Ensino, Pesquisa e Extensão






Uma instituição de ensino não está, em hipótese alguma, isolada da sociedade na qual está inserida. Elas estão em constante interlocução, numa relação confluente e dialética, a partir da qual a sociedade se “alimenta” da instituição de ensino e esta se “alimenta” da sociedade. Isto é, há uma troca de saberes e experiências em que as “setas” se cruzam num movimento bilateral de ir e vir, nos dois sentidos:

INSTITUIÇÃO DE ENSINO

Em relação à Instituição de Ensino Superior (IES), como não poderia deixar de ser, esta também está em constante diálogo com as comunidades nacional, regional e local. Por trás desse diálogo, está o Princípio da Bilateralidade.

Sob a égide desse Princípio, a IES mantém uma relação de “mão-dupla” com a sociedade na qual está inserida, compartilhando experiências e saberes (acadêmico e popular), em interação com os grupos sociais num processo constante de re-significação.


Atenta à sociedade, tanto em relação às novas exigências do mercado de trabalho, como em relação às suas necessidades materiais e humanas, a IES direciona seus projetos, ações e atividades no sentido de trazer respostas e/ou caminhos possíveis para as problemáticas, tensões, lacunas e conflitos percebidos nessa sociedade. É nesse sentido, que o Princípio da Bilateralidade vai alicerçar uma das atividades-base da IES, a Extensão.

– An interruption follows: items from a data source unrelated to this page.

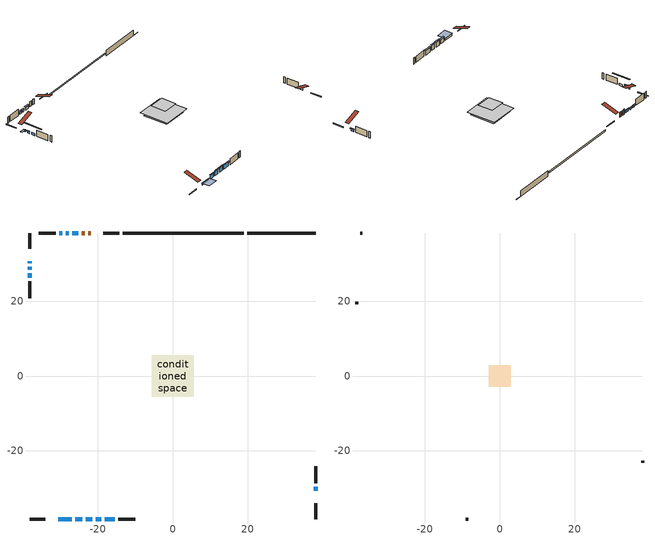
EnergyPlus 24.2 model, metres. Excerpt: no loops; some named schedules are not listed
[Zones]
conditioned space
 floor adiabatic (Floor2 construction): -4.76,-4.76 -4.76,4.76 4.76,4.76 4.76,-4.76 z1.07
 floor adiabatic (AdiabaticFloorConstruction): -5.59,-5.59 -5.59,5.59 5.59,5.59 5.59,-5.59 z1.07
 floor foundation (Slab1 construction): -2.79,-2.79 -2.79,2.79 2.79,2.79 2.79,-2.79 z-1.19
 floor foundation (Slab2 construction): -4.76,-4.76 -4.76,4.76 4.76,4.76 4.76,-4.76 z-0.15
 wall outside (RimJoist1 construction): -14.31,38.14 -18.5,38.14 / -38.14,-38.14 -33.95,-38.14 / -38.14,38.14 -38.14,33.95 / 38.14,-38.14 38.14,-33.95 z1.07:1.37
 wall outside (AdiabaticWallConstruction 1): -21.86,38.14 -22.53,38.14 / -23.46,38.14 -24.32,38.14 z1.07:3.1
 wall outside (AdiabaticWallConstruction): -38.14,30.6 -38.14,30.08 / -30.59,-38.14 -26.89,-38.14 / -38.14,27.44 -38.14,26.17 / -27.75,38.14 -28.51,38.14 z1.07:1.83; -38.14,29.16 -38.14,28.37 / -29.44,38.14 -30.23,38.14 z1.07:1.86; 38.14,-30.59 38.14,-29.58 z1.07:1.96; -25.24,38.14 -26.82,38.14 z1.07:2.04; -25.96,-38.14 -24.15,-38.14 z1.07:2.7; -23.23,-38.14 -21.45,-38.14 / -20.52,-38.14 -19.07,-38.14 z1.07:3.03; -18.14,-38.14 -15.42,-38.14 z1.07:2.72
 wall outside (Wall1 construction): -31.16,38.14 -35.7,38.14 / -14.49,-38.14 -9.95,-38.14 / -38.14,25.24 -38.14,20.7 / 38.14,-28.65 38.14,-24.11 z1.07:3.51
 wall foundation (FoundationWall1 construction): 19.85,38.14,-1.19 19.85,38.14,1.07 35.58,38.14,1.07 35.58,38.14,-1.09 38.14,38.14,-1.09 38.14,38.14,-1.19
 wall foundation (FoundationWall2 construction): 18.93,38.14 -13.38,38.14 z-0.15:0.31
 window (WindowConstruction 9): -38.14,30.59 -38.14,30.09 z1.07:1.83
 window (WindowConstruction 8): -38.14,29.16 -38.14,28.37 z1.07:1.86
 window (WindowConstruction 10): -30.59,-38.14 -26.89,-38.14 z1.07:1.83
 window (WindowConstruction 11): -38.14,27.44 -38.14,26.17 z1.07:1.83
 window (WindowConstruction): 38.14,-30.59 38.14,-29.58 z1.07:1.96
 window (WindowConstruction 1): -25.25,38.14 -26.82,38.14 z1.07:2.04
 window (WindowConstruction 2): -27.75,38.14 -28.51,38.14 z1.07:1.83
 window (WindowConstruction 3): -29.44,38.14 -30.23,38.14 z1.07:1.86
 window (WindowConstruction 4): -25.96,-38.14 -24.15,-38.14 z1.07:2.69
 window (WindowConstruction 5): -23.22,-38.14 -21.45,-38.14 z1.07:3.03
 window (WindowConstruction 6): -20.52,-38.14 -19.07,-38.14 z1.07:3.03
 window (WindowConstruction 7): -18.14,-38.14 -15.42,-38.14 z1.07:2.72
 door (Door): -21.86,38.14 -22.53,38.14 z1.07:3.1
 door (Door 1): -23.46,38.14 -24.32,38.14 z1.07:3.1
 ceiling adiabatic (AdiabaticFloorConstruction): 5.59,-5.59 5.59,5.59 -5.59,5.59 -5.59,-5.59 z1.07
attic - vented
 floor to conditioned space (Floor1 construction Reversed): -2.92,-2.92 -2.92,2.92 2.92,2.92 2.92,-2.92 z3.51
 wall outside (Wall2 construction): -36.63,38.14 -37.21,38.14 / -9.02,-38.14 -8.44,-38.14 / -38.14,19.77 -38.14,19.18 / 38.14,-23.18 38.14,-22.59 z1.07:3.51
 roof outside (Roof1 construction): -20.93,38.14,3.51 -20.93,32.45,5.41 -19.43,32.45,5.41 -19.43,38.14,3.51; -31.52,-38.14,3.51 -31.52,-32.45,5.41 -33.02,-32.45,5.41 -33.02,-38.14,3.51; -38.14,31.52,3.51 -32.45,31.52,5.41 -32.45,33.02,5.41 -38.14,33.02,3.51; 38.14,-31.52,3.51 32.45,-31.52,5.41 32.45,-33.02,5.41 38.14,-33.02,3.51
shading: -38.14,29.94 -38.14,30.74 -40.12,30.74 -40.12,29.94 z1.98; -38.14,28.17 -38.14,29.36 -38.55,29.36 -38.55,28.17 z2.06; -26.74,-38.14 -30.74,-38.14 -30.74,-41.19 -26.74,-41.19 z1.98; -38.14,23.23 -38.14,30.38 -38.55,30.38 -38.55,23.23 z4.77; 38.14,-29.38 38.14,-30.79 38.55,-30.79 38.55,-29.38 z2.16; -27.02,38.14 -25.04,38.14 -25.04,38.55 -27.02,38.55 z2.24; -28.71,38.14 -27.55,38.14 -27.55,38.55 -28.71,38.55 z2.03; -30.43,38.14 -29.24,38.14 -29.24,38.55 -30.43,38.55 z2.06; -23.95,-38.14 -26.16,-38.14 -26.16,-38.55 -23.95,-38.55 z2.9; -21.25,-38.14 -23.43,-38.14 -23.43,-38.55 -21.25,-38.55 z3.23; -18.87,-38.14 -20.72,-38.14 -20.72,-38.55 -18.87,-38.55 z3.23; -15.22,-38.14 -18.34,-38.14 -18.34,-38.55 -15.22,-38.55 z2.92
[Building]
Building 1: Terrain=Suburbs
[Site:Location]
Erieau AUT_ON: Latitude {deg}=42.25; Longitude {deg}=-81.9; Time Zone {hr}=-5; Elevation {m}=178; Keep Site Location Information=Yes
[Site:GroundTemperature:Shallow]
5.2292, 3.30147, 3.1471, 4.0619, 7.73432, 11.3896, 14.5586, 16.5661, 16.7366, 15.1039, 12.0157, 8.47254
[Site:WaterMainsTemperature]
Calculation Method=Schedule; Temperature Schedule=mains temperature schedule
[Material] Roughness=Rough; Thermal Absorptance=0.9
Name | Thickness {m} | Conductivity {W/m-K} | Density {kg/m3} | Specific Heat {J/kg-K} | Solar Absorptance | Visible Absorptance
asphalt or fiberglass shingles | 0.00635 | 0.162714 | 1121.4 | 1465.45 | 0.4 | 0.4
ceiling loosefill ins | 0.254 | 0.0480833 | 16.02 | 1046.75 | 0.7 | 0.7
ceiling stud and cavity | 0.1397 | 0.205005 | 65.682 | 1177.47 | 0.7 | 0.7
concrete 4.0 in. | 0.1016 | 1.803125 | 2242.8 | 837.4 | 0.7 | 0.7
concrete 8.0 in. | 0.2032 | 1.803125 | 2242.8 | 837.4 | 0.7 | 0.7
door material | 0.04445 | 0.053851 | 512.64 | 1214.23 | 0.7 | 0.7
exterior vertical ins | 0.00216305 | 0.029427 | 32.04 | 1214.23 | 0.7 | 0.7
exterior vertical ins 1 | 0.105549 | 0.029427 | 32.04 | 1214.23 | 0.7 | 0.7
floor covering | 0.0127 | 9.015625 | 54.468 | 1339.84 | 0.6 | 0.6
floor covering 1 | 0.0127 | 0.0433444 | 54.468 | 1339.84 | 0.6 | 0.6
floor rigid ins; wall rigid ins | 0.512978 | 0.029427 | 32.04 | 1214.23 | 0.7 | 0.7
floor stud and cavity | 0.0889 | 0.340671 | 50.32683 | 1063.81 | 0.7 | 0.7
floor stud and cavity 1 | 0.1397 | 1.75129 | 37.0049 | 1207.88 | 0.7 | 0.7
furniture material conditioned space 1 | 0.1524 | 0.115458 | 640.8 | 1214.23 | 0.6 | 0.6
gypsum board | 0.0127 | 0.160291 | 801 | 837.4 | 0.6 | 0.6
gypsum board 1 | 0.0127 | 0.160291 | 801 | 837.4 | 0.7 | 0.7
osb sheathing 0.5 in. | 0.0127 | 0.115458 | 512.64 | 1214.23 | 0.7 | 0.7
osb sheathing 0.75 in. | 0.01905 | 0.115458 | 512.64 | 1214.23 | 0.7 | 0.7
rim joist stud and cavity | 0.0508 | 0.194335 | 50.32683 | 1063.81 | 0.6 | 0.6
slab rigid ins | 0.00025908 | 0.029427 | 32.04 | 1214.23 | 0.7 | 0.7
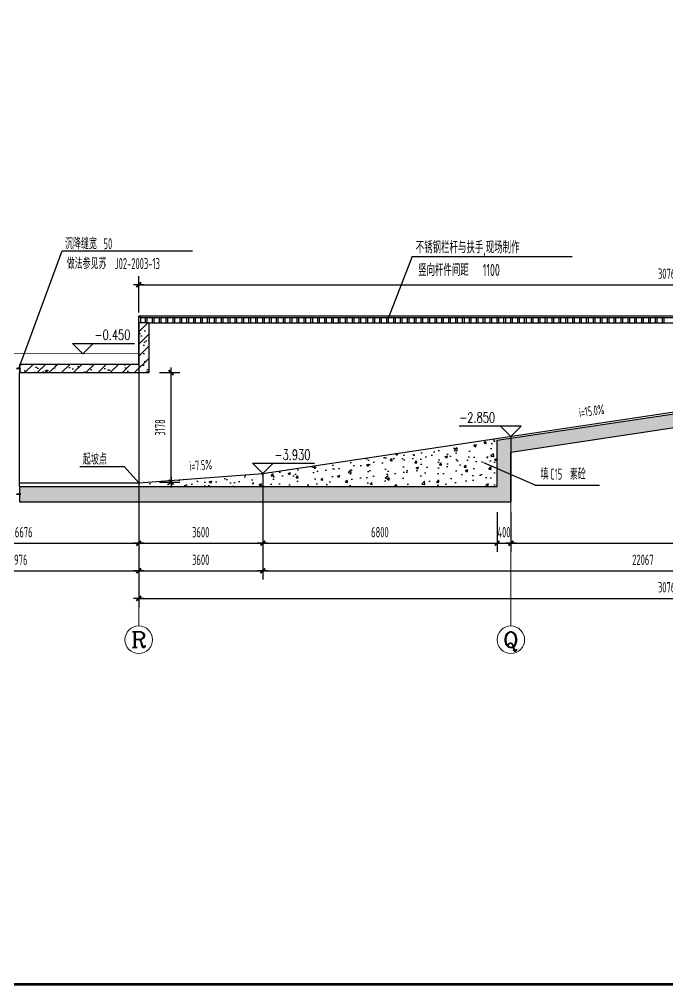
# Model space of a CAD drawing. Extents: x 1596194 to 1987057, y -212608 to 63160.
# Drawn here: x 1934013 to 1952829, y -163920 to -135880 of the extents above; entities that cross this region are included whole.
import ezdxf
from ezdxf.enums import TextEntityAlignment as Align

# ---------------------------------------------------------------- set-up
doc = ezdxf.new("R2010")
doc.units = 0
doc.header["$LTSCALE"] = 100
doc.header["$MEASUREMENT"] = 0
doc.linetypes.add('CONTINOUS', pattern=[0])
doc.layers.get('0').update_dxf_attribs({"linetype": 'CONTINUOUS'})
doc.layers.get('DEFPOINTS').update_dxf_attribs({"linetype": 'CONTINUOUS'})
doc.layers.add('AXIS', color=3, linetype='CONTINUOUS', lineweight=9)
for name, color, linetype in [('AXIS_TEXT', 7, 'CONTINUOUS'), ('DOTE', 251, 'CONTINUOUS'), ('HA', 150, 'CONTINUOUS'), ('PUB_DIM', 3, 'CONTINUOUS'), ('PUB_TEXT', 30, 'CONTINUOUS'), ('WALL', 2, 'CONTINUOUS'), ('WINDOW', 4, 'CONTINUOUS'), ('图层1', 9, 'CONTINUOUS')]:
    doc.layers.add(name, color=color, linetype=linetype)
doc.styles.add('_TCH_AXIS', font='COMPLEX.shx', dxfattribs={"width": 0.55})
doc.styles.add('_TCH_DIM', font='SIMPLEX', dxfattribs={"bigfont": 'GBCBIG'})
doc.styles.add('COMPLEX', font='COMPLEX.shx')
doc.styles.add('DIM_FONT', font='SYSZ.shx', dxfattribs={"width": 0.7, "bigfont": 'SYFS.shx'})
doc.dimstyles.new('DIMN', dxfattribs={"dimtxt": 300, "dimasz": 1, "dimexe": 250, "dimexo": 300, "dimgap": 150, "dimtad": 1, "dimdec": 0, "dimzin": 0, "dimdsep": 46, "dimtxsty": 'DIM_FONT', "dimblk": 'ARCHTICK', "dimcen": 0.09, "dimclrt": 7, "dimazin": 2, "dimtfac": 1, "dimtdec": 0, "dimtix": 1, "dimtmove": 2, "dimatfit": 3, "dimldrblk": 'DOT', "dimfxl": 0, "dimtolj": 1, "dimtzin": 0, "dimarcsym": 0})
pattern_1 = [(45, (0, 0), (-176.776695, 176.776695), []), (50, (0, 0), (717.26018, -62.75213), [75, -825]), (355, (0, 0), (-138.75133, 752.19213), [60, -660]), (100.4514, (59.8, -5.2), (578.50938, 689.43954), [63.7402, -701.1421]), (46.1842, (0, 200), (1067.24105, -165.519), [112.5, -1237.5]), (96.6356, (88.9, 186.2), (934.6627, 974.11787), [95.6103, -1051.713]), (351.1842, (0, 200), (934.66195, 974.1186), [90, -990]), (21, (100, 150), (596.90705, -402.61889), [75, -825]), (326, (100, 150), (243.31533, 725.15005), [60, -660]), (71.4514, (149.74, 116.45), (840.22263, 322.5305), [63.7402, -701.1421]), (37.5, (0, 0), (12.159855, 332.893854), [0, -652, 0, -670, 0, -662.5]), (7.5, (0, 0), (263.06954, 394.41171), [0, -382, 0, -637, 0, -252.5]), (327.5, (-223, 0), (533.822436, -22.55487), [0, -250, 0, -780, 0, -1035]), (317.5, (-323, 0), (583.18617, 100.10498), [0, -325, 0, -518, 0, -735])]
pattern_2 = [(50, (0, 0), (717.26018, -62.75213), [75, -825]), (355, (0, 0), (-138.75133, 752.19213), [60, -660]), (100.4514, (59.8, -5.2), (578.50938, 689.43954), [63.7402, -701.1421]), (46.1842, (0, 200), (1067.24105, -165.519), [112.5, -1237.5]), (96.6356, (88.9, 186.2), (934.6627, 974.11787), [95.6103, -1051.713]), (351.1842, (0, 200), (934.66195, 974.1186), [90, -990]), (21, (100, 150), (596.90705, -402.61889), [75, -825]), (326, (100, 150), (243.31533, 725.15005), [60, -660]), (71.4514, (149.74, 116.45), (840.22263, 322.5305), [63.7402, -701.1421]), (37.5, (0, 0), (12.159855, 332.893854), [0, -652, 0, -670, 0, -662.5]), (7.5, (0, 0), (263.06954, 394.41171), [0, -382, 0, -637, 0, -252.5]), (327.5, (-223, 0), (533.822436, -22.55487), [0, -250, 0, -780, 0, -1035]), (317.5, (-323, 0), (583.18617, 100.10498), [0, -325, 0, -518, 0, -735])]

# ---------------------------------------------------------------- blocks, each defined once
blk = doc.blocks.new('_archtick')
blk.add_line((-150, 0), (150, 0))
at = {"const_width": 50}
blk.add_lwpolyline([(-70, -70), (70, 70)], dxfattribs=at)
blk = doc.blocks.new('*D721')
at = {"layer": 'DEFPOINTS', "color": 0}
for p in [(1968245, -143583), (1937478, -144683), (1968245, -144683)]:
    blk.add_point(p, dxfattribs=at)
at = {"layer": 'PUB_DIM', "color": 0, "lineweight": -2}
for p, q in [((1937478, -144383), (1937478, -143333)), ((1968245, -144383), (1968245, -143333)), ((1937478, -143583), (1968245, -143583))]:
    blk.add_line(p, q, dxfattribs=at)
at = {"layer": 'PUB_DIM', "color": 0, "lineweight": -2, "rotation": 180}
blk.add_blockref('_archtick', (1937478, -143583), dxfattribs=at)
at = {"layer": 'PUB_DIM', "color": 0, "lineweight": -2}
blk.add_blockref('_archtick', (1968245, -143583), dxfattribs=at)
at = {"layer": 'PUB_DIM', "color": 7, "insert": (1952861, -143261), "char_height": 300, "attachment_point": 5, "style": 'DIM_FONT'}
blk.add_mtext('\\A1;30767', dxfattribs=at)
blk = doc.blocks.new('_Dot')
at = {"color": 0, "linetype": 'ByBlock', "lineweight": -2}
blk.add_line((-0.5, 0), (-1, 0), dxfattribs=at)
at = {"color": 0, "linetype": 'ByBlock', "const_width": 0.5}
blk.add_lwpolyline([(-0.25, 0, 1), (0.25, 0, 1)], format="xyb", close=True, dxfattribs=at)
blk = doc.blocks.new('*D1131')
at = {"layer": 'DEFPOINTS', "color": 0}
for p in [(1937778, -146133), (1938419, -146133), (1937778, -149311)]:
    blk.add_point(p, dxfattribs=at)
at = {"layer": 'PUB_DIM', "color": 0, "lineweight": -2}
for p, q in [((1938078, -146133), (1938669, -146133)), ((1938419, -149311), (1938419, -146133)), ((1938078, -149311), (1938669, -149311))]:
    blk.add_line(p, q, dxfattribs=at)
for p, rotation in [((1938419, -146133), 90), ((1938419, -149311), 270)]:
    blk.add_blockref('_archtick', p, dxfattribs=dict(at, rotation=rotation))
at = {"layer": 'PUB_DIM', "color": 7, "insert": (1938098, -147722), "char_height": 300, "attachment_point": 5, "rotation": 90, "style": 'DIM_FONT'}
blk.add_mtext('\\A1;3178', dxfattribs=at)
blk = doc.blocks.new('*D1135')
at = {"layer": 'DEFPOINTS', "color": 0}
for p in [(1937478, -149447), (1968245, -149447), (1968245, -152683)]:
    blk.add_point(p, dxfattribs=at)
at = {"layer": 'PUB_DIM', "color": 0, "lineweight": -2}
for p, q in [((1937478, -149747), (1937478, -152933)), ((1968245, -149747), (1968245, -152933)), ((1937478, -152683), (1968245, -152683))]:
    blk.add_line(p, q, dxfattribs=at)
at = {"layer": 'PUB_DIM', "color": 0, "lineweight": -2, "rotation": 180}
blk.add_blockref('_archtick', (1937478, -152683), dxfattribs=at)
at = {"layer": 'PUB_DIM', "color": 0, "lineweight": -2}
blk.add_blockref('_archtick', (1968245, -152683), dxfattribs=at)
at = {"layer": 'PUB_DIM', "color": 7, "insert": (1952861, -152362), "char_height": 300, "attachment_point": 5, "style": 'DIM_FONT'}
blk.add_mtext('\\A1;30767', dxfattribs=at)
blk = doc.blocks.new('*D1138')
at = {"layer": 'DEFPOINTS', "color": 0}
for p in [(1930502, -149418), (1937478, -149418), (1937478, -151883)]:
    blk.add_point(p, dxfattribs=at)
at = {"layer": 'PUB_DIM', "color": 0, "lineweight": -2}
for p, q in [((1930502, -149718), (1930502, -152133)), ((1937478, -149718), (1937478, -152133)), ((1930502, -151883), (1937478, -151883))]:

Elucidar a atividade de Extensão não é tarefa simples, uma vez que há divergências e controvérsias no contexto acadêmico quanto à sua definição. Sem querer esgotar o tema e ao mesmo tempo sem apontar verdades estanque e absolutas, traduziremos a atividade de Extensão da seguinte forma: é uma atividade político-social, por meio da qual a IES mantém uma comunicação com a sociedade da qual faz parte, levando respostas para os seus problemas e necessidades, compartilhando experiências e conhecimentos adquiridos, buscando participar ativamente do processo de (re)construção dessa sociedade, bem como coadunando a teoria à prática, na medida em que, no contexto social, experimenta e põe em prática as teorias suscitadas nas atividades de ensino e pesquisa, o que é fundamental para a formação profissional, independente da área.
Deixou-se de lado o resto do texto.